=== EXERCISE GOAL ===
Of the entries below, return exactly those lines that fall between the one containing "line L0 (0, 0) -> (0, 9863.6126)" and the one containing "line L14 (11.5, 3) -> (11.5, 8)", the two end lines included.

Records from a data source

========================

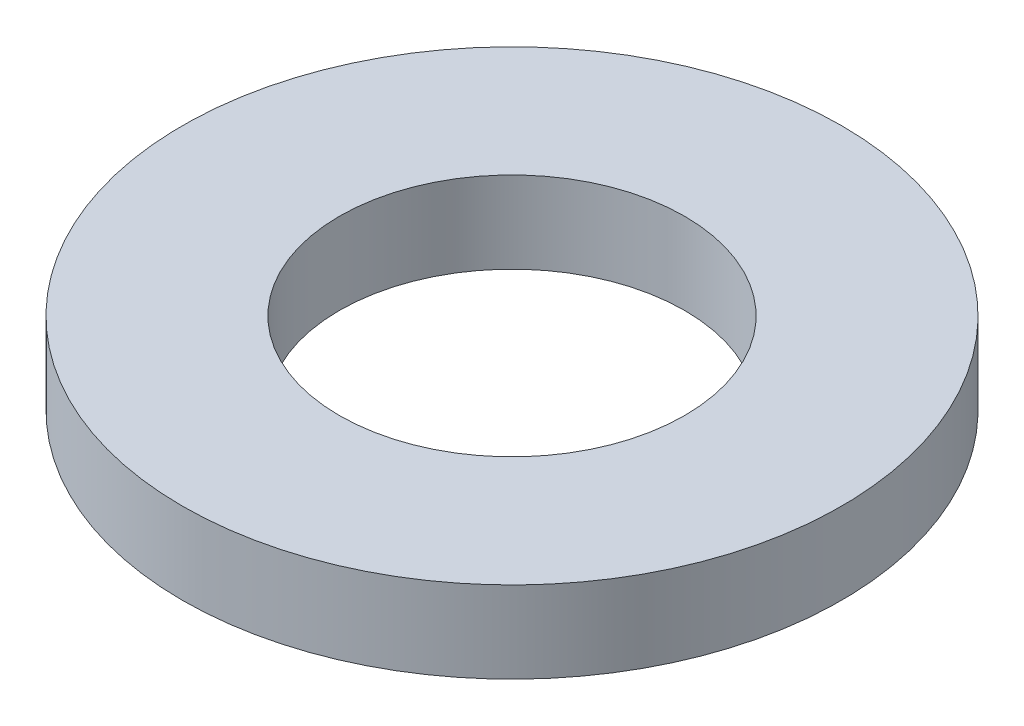
SolidWorks part; units mm, degrees
ref_plane "Front Plane" through (0, 0, 0) normal (0, 0, 1) x (1, 0, 0)
ref_plane "Top Plane" through (0, 0, 0) normal (0, 1, 0) x (1, 0, 0)
ref_plane "Right Plane" through (0, 0, 0) normal (1, 0, 0) x (0, 0, -1)
sketch "Sketch1" plane through (0, 0, 0) normal (0, 1, 0) x (1, 0, 0)
  circle A0 centre (0, 0) radius 52.5
  dimension "FLANGE_OD" = 105
extrude "Boss-Extrude1" add sketch "Sketch1" along normal blind 13
sketch "Sketch2" plane through (0, 0, 0) normal (0, 1, 0) x (1, 0, 0)
  circle A0 centre (0, 0) radius 27.5
  dimension "BORE_D" = 55
extrude "Cut-Extrude1" cut sketch "Sketch2" along normal through all
sketch "Sketch3" plane through (0, 13, 0) normal (0, 1, 0) x (1, 0, 0)
  circle A0 centre (0, 0) radius 19.8459 construction
  circle A1 centre (-19.8459, 0) radius 3.2993
  dimension "BOLT_D" = 6.5985
  dimension "BOLT_PCD" = 39.6917
extrude "Cut-Extrude2" cut sketch "Sketch3" against normal blind 11.6422 rebuild error yes
pattern_circular "CirPattern1" count 5 over 360 rebuild error yes
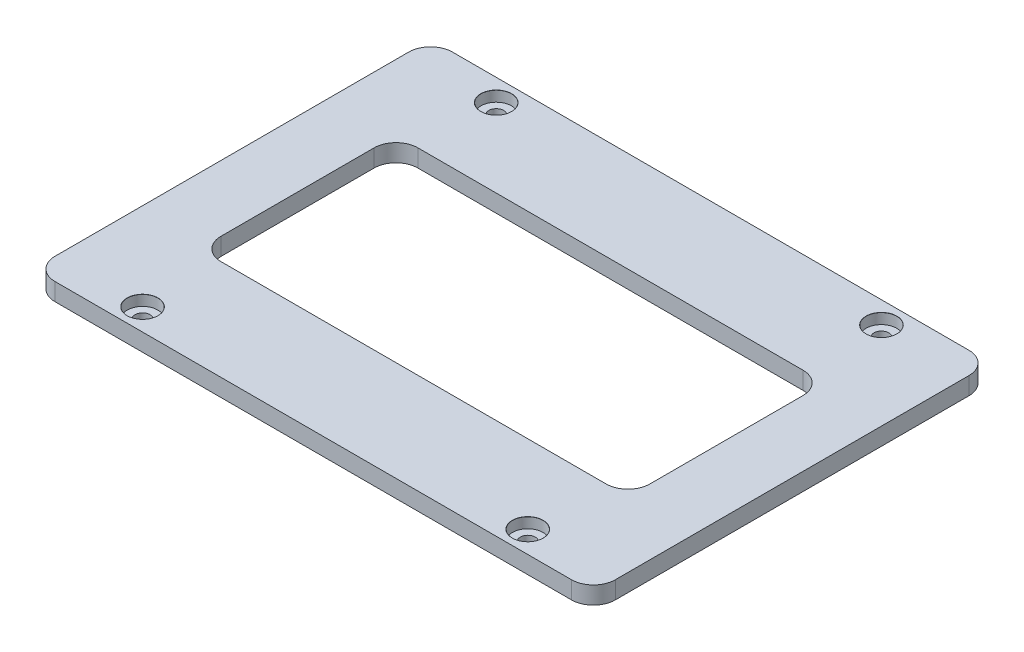
SolidWorks part; units mm, degrees
ref_plane "Front Plane" through (0, 0, 0) normal (0, 0, 1) x (1, 0, 0)
ref_plane "Top Plane" through (0, 0, 0) normal (0, 1, 0) x (1, 0, 0)
ref_plane "Right Plane" through (0, 0, 0) normal (1, 0, 0) x (0, 0, -1)
sketch "Sketch1" plane through (0, 0, 0) normal (0, 1, 0) x (1, 0, 0)
  line L1 (-64, 45.4) -> (64, 45.4)
  line L2 (-64, 45.4) -> (-64, -45.4)
  line L3 (-64, -45.4) -> (64, -45.4)
  line L4 (64, 45.4) -> (64, -45.4)
  line L5 (-64, 45.4) -> (64, -45.4) construction
  line L6 (-64, -45.4) -> (64, 45.4) construction
  point P0 (0, 0)
  dimension "D1" = 90.8
  dimension "D2" = 128
extrude "Boss-Extrude1" add sketch "Sketch1" along normal blind 4
sketch "Sketch2" plane through (0, 4, 0) normal (0, 1, 0) x (1, 0, 0)
  line L1 (-49, 22.5) -> (49, 22.5)
  line L2 (-49, 22.5) -> (-49, -22.5)
  line L3 (-49, -22.5) -> (49, -22.5)
  line L4 (49, 22.5) -> (49, -22.5)
  line L5 (-49, 22.5) -> (49, -22.5) construction
  line L6 (-49, -22.5) -> (49, 22.5) construction
  point P0 (0, 0)
  dimension "D1" = 45
  dimension "D2" = 98
extrude "Cut-Extrude1" cut sketch "Sketch2" against normal blind 4
sketch "Sketch3" plane through (0, 4, 0) normal (0, 1, 0) x (1, 0, 0)
  line L0 (-44, 40.4) -> (44, 40.4) construction
  line L1 (44, 40.4) -> (44, -40.4) construction
  line L2 (44, -40.4) -> (-44, -40.4) construction
  line L3 (-44, -40.4) -> (-44, 40.4) construction
  line L4 (-64, 45.4) -> (-64, -45.4) construction
  line L5 (64, 45.4) -> (-64, 45.4) construction
  line L6 (-64, -45.4) -> (64, -45.4) construction
  line L7 (64, -45.4) -> (64, 45.4) construction
  point P0 (-44, 40.4)
  point P1 (44, 40.4)
  point P2 (-44, -40.4)
  point P3 (44, -40.4)
  dimension "D1" = 20
  dimension "D2" = 5
  dimension "D3" = 5
  dimension "D4" = 20
hole_wizard "CBORE for M3 Pan Head Machine Screw1" positions "Sketch4" profile "Sketch5" counterbore size "M3" standard "ANSI Metric" end condition through all
sketch "Sketch4" plane through (0, 4, 0) normal (0, 1, 0) x (1, 0, 0)
  point P0 (-44, 40.4)
  point P3 (44, 40.4)
  point P6 (44, -40.4)
  point P9 (-44, -40.4)
sketch "Sketch5" plane through (-44, 4, -40.4) normal (1, 0, 0) x (0, 0, 1)
  line L0 (0, 0) -> (0, 4)
  line L1 (0, 4) -> (1.7, 4)
  line L3 (1.7, 4) -> (1.7, 2.4)
  line L4 (3.5, 2.4) -> (1.7, 2.4)
  line L5 (3.5, 2.4) -> (3.5, 0.025)
  line L6 (3.5, 0.025) -> (3.525, 0)
  line L7 (3.525, 0) -> (0, 0)
  line L8 (-3.5, 0.025) -> (-3.525, 0) construction
  line L11 (0, -6.35) -> (0, 107.95) construction
  dimension "Thru Hole Dia." = 3.4
  dimension "Thru Hole Depth" = 4
  dimension "C'Bore Dia." = 7
  dimension "C'Bore Depth" = 2.4
  dimension "Near C'Sink Dia." = 7.05
  dimension "Near C'Sink Angle" = 90
fillet "Fillet1" radius 5 8 edges at (49, 2, 22.5) (-49, 2, 22.5) (49, 2, -22.5) (-49, 2, -22.5) (64, 2, -45.4) (64, 2, 45.4) (-64, 2, 45.4) (-64, 2, -45.4)
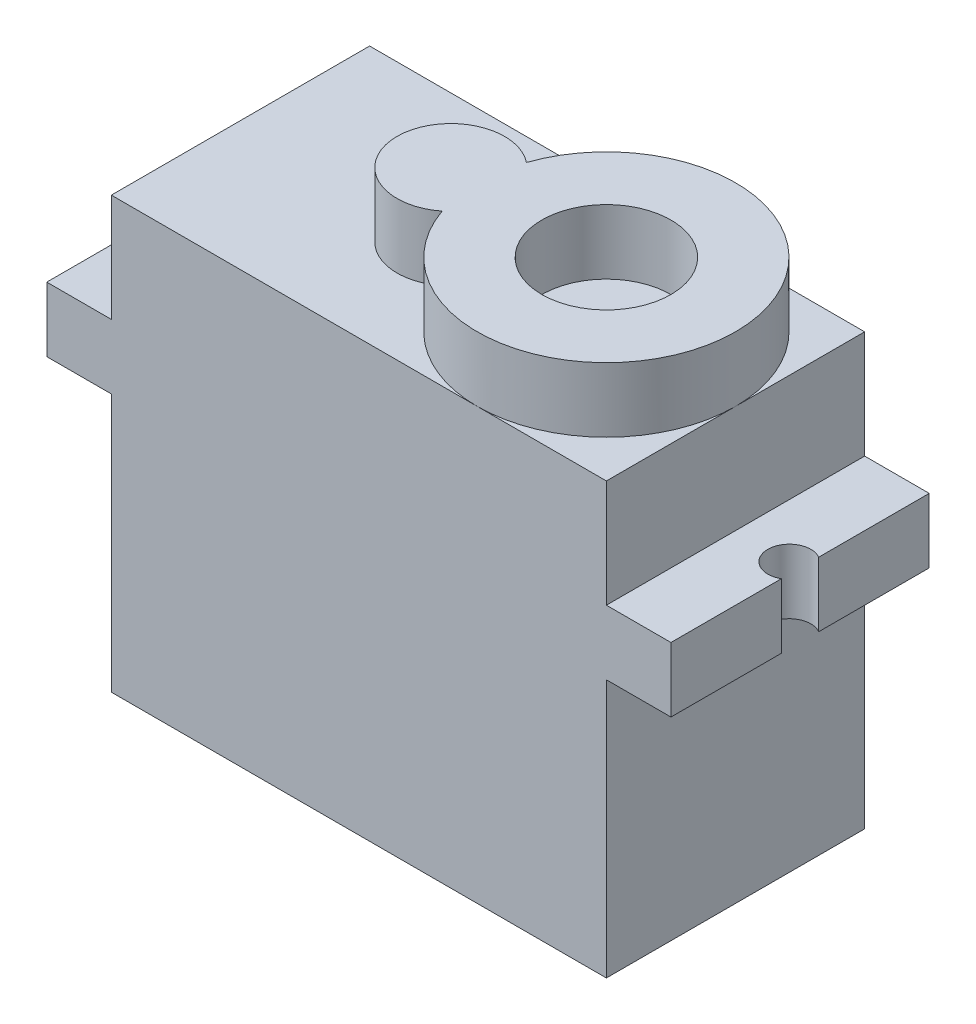
SolidWorks part; units mm, degrees
ref_plane "Front Plane" through (0, 0, 0) normal (0, 0, 1) x (1, 0, 0)
ref_plane "Top Plane" through (0, 0, 0) normal (0, 1, 0) x (1, 0, 0)
ref_plane "Right Plane" through (0, 0, 0) normal (1, 0, 0) x (0, 0, -1)
sketch "Sketch1" plane through (0, 0, 0) normal (0, 0, 1) x (1, 0, 0)
  line L0 (0, 0) -> (0, 9863.6126) construction
  line L1 (0, 0) -> (-9863.6126, 0) construction
  line L3 (-11.5, 0) -> (11.5, 0)
  line L4 (-11.5, 0) -> (-11.5, -12)
  line L5 (-11.5, -12) -> (11.5, -12)
  line L6 (11.5, 0) -> (11.5, -12)
  line L7 (-14.5, 0) -> (14.5, 0)
  line L8 (-14.5, 0) -> (-14.5, 3)
  line L9 (-14.5, 3) -> (14.5, 3)
  line L10 (14.5, 0) -> (14.5, 3)
  line L11 (-11.5, 3) -> (11.5, 3)
  line L12 (-11.5, 3) -> (-11.5, 8)
  line L13 (-11.5, 8) -> (11.5, 8)
  line L14 (11.5, 3) -> (11.5, 8)
  dimension "D1" = 23
  dimension "D2" = 29
  dimension "D3" = 3
  dimension "D4" = 12
  dimension "D5" = 5
  dimension "D6" = 23
extrude "Boss-Extrude1" add sketch "Sketch1" along normal mid plane 12 contours L6 L3 L4 L5 | L7 L10 L9 L8 L3 | L9 L14 L13 L12 region at (0, 1.5, 0) region at (0, -6, 0) region at (0, 5.5, 0)
sketch "Sketch2" plane through (0, 3, 0) normal (0, 1, 0) x (1, 0, 0)
  line L0 (11.5, -6) -> (11.5, 6) construction
  circle A0 centre (14, 0) radius 1
  circle A1 centre (-14, 0) radius 1
  dimension "D1" = 2
  dimension "D2" = 2.5
extrude "Cut-Extrude1" cut sketch "Sketch2" against normal through all
sketch "Sketch3" plane through (0, -12, 0) normal (0, -1, 0) x (1, 0, 0)
  line L0 (-11.5, -6) -> (11.5, -6) construction
  line L1 (11.5, 6) -> (11.5, -6) construction
  line L2 (0, 0) -> (0, 50000) construction
  line L3 (0, 0) -> (-50000, 0) construction
  circle A0 centre (9.5, -4) radius 1.25
  circle A1 centre (9.5, 4) radius 1.25
  circle A2 centre (-9.5, -4) radius 1.25
  circle A3 centre (-9.5, 4) radius 1.25
  circle A4 centre (9.5, -4) radius 1
  circle A5 centre (9.5, 4) radius 1
  circle A6 centre (-9.5, -4) radius 1
  circle A7 centre (-9.5, 4) radius 1
  dimension "D1" = 2.5
  dimension "D4" = 2
  dimension "D2" = 2
  dimension "D3" = 2
extrude "Cut-Extrude2" cut sketch "Sketch3" against normal blind 0.5
extrude "Cut-Extrude3" cut sketch "Sketch3<2>" against normal blind 12 contours A6 | A7 | A5 | A4 region at (9.5, -12, -4) region at (9.5, -12, 4) region at (-9.5, -12, -4) region at (-9.5, -12, 4)
sketch "Sketch3<2>" plane through (0, -12, 0) normal (0, -1, 0) x (1, 0, 0) same geometry as "Sketch3"
sketch "Sketch4" plane through (0, 8, 0) normal (0, 1, 0) x (1, 0, 0)
  arc A0 (-0.1717, -1.9576) -> (-0.1717, 1.9576) centre (5.5, 0) ccw
  arc A1 (-0.1717, 1.9576) -> (-0.1717, -1.9576) centre (-1.7265, 0) ccw
  circle A2 centre (5.5, 0) radius 3
  dimension "D1" = 12
  dimension "D2" = 5
  dimension "D3" = 6
extrude "Boss-Extrude2" add sketch "Sketch4" along normal blind 3

========================

=== PROBLEM SOLUTION ===
  line L0 (0, 0) -> (0, 9863.6126) construction
  line L1 (0, 0) -> (-9863.6126, 0) construction
  line L3 (-11.5, 0) -> (11.5, 0)
  line L4 (-11.5, 0) -> (-11.5, -12)
  line L5 (-11.5, -12) -> (11.5, -12)
  line L6 (11.5, 0) -> (11.5, -12)
  line L7 (-14.5, 0) -> (14.5, 0)
  line L8 (-14.5, 0) -> (-14.5, 3)
  line L9 (-14.5, 3) -> (14.5, 3)
  line L10 (14.5, 0) -> (14.5, 3)
  line L11 (-11.5, 3) -> (11.5, 3)
  line L12 (-11.5, 3) -> (-11.5, 8)
  line L13 (-11.5, 8) -> (11.5, 8)
  line L14 (11.5, 3) -> (11.5, 8)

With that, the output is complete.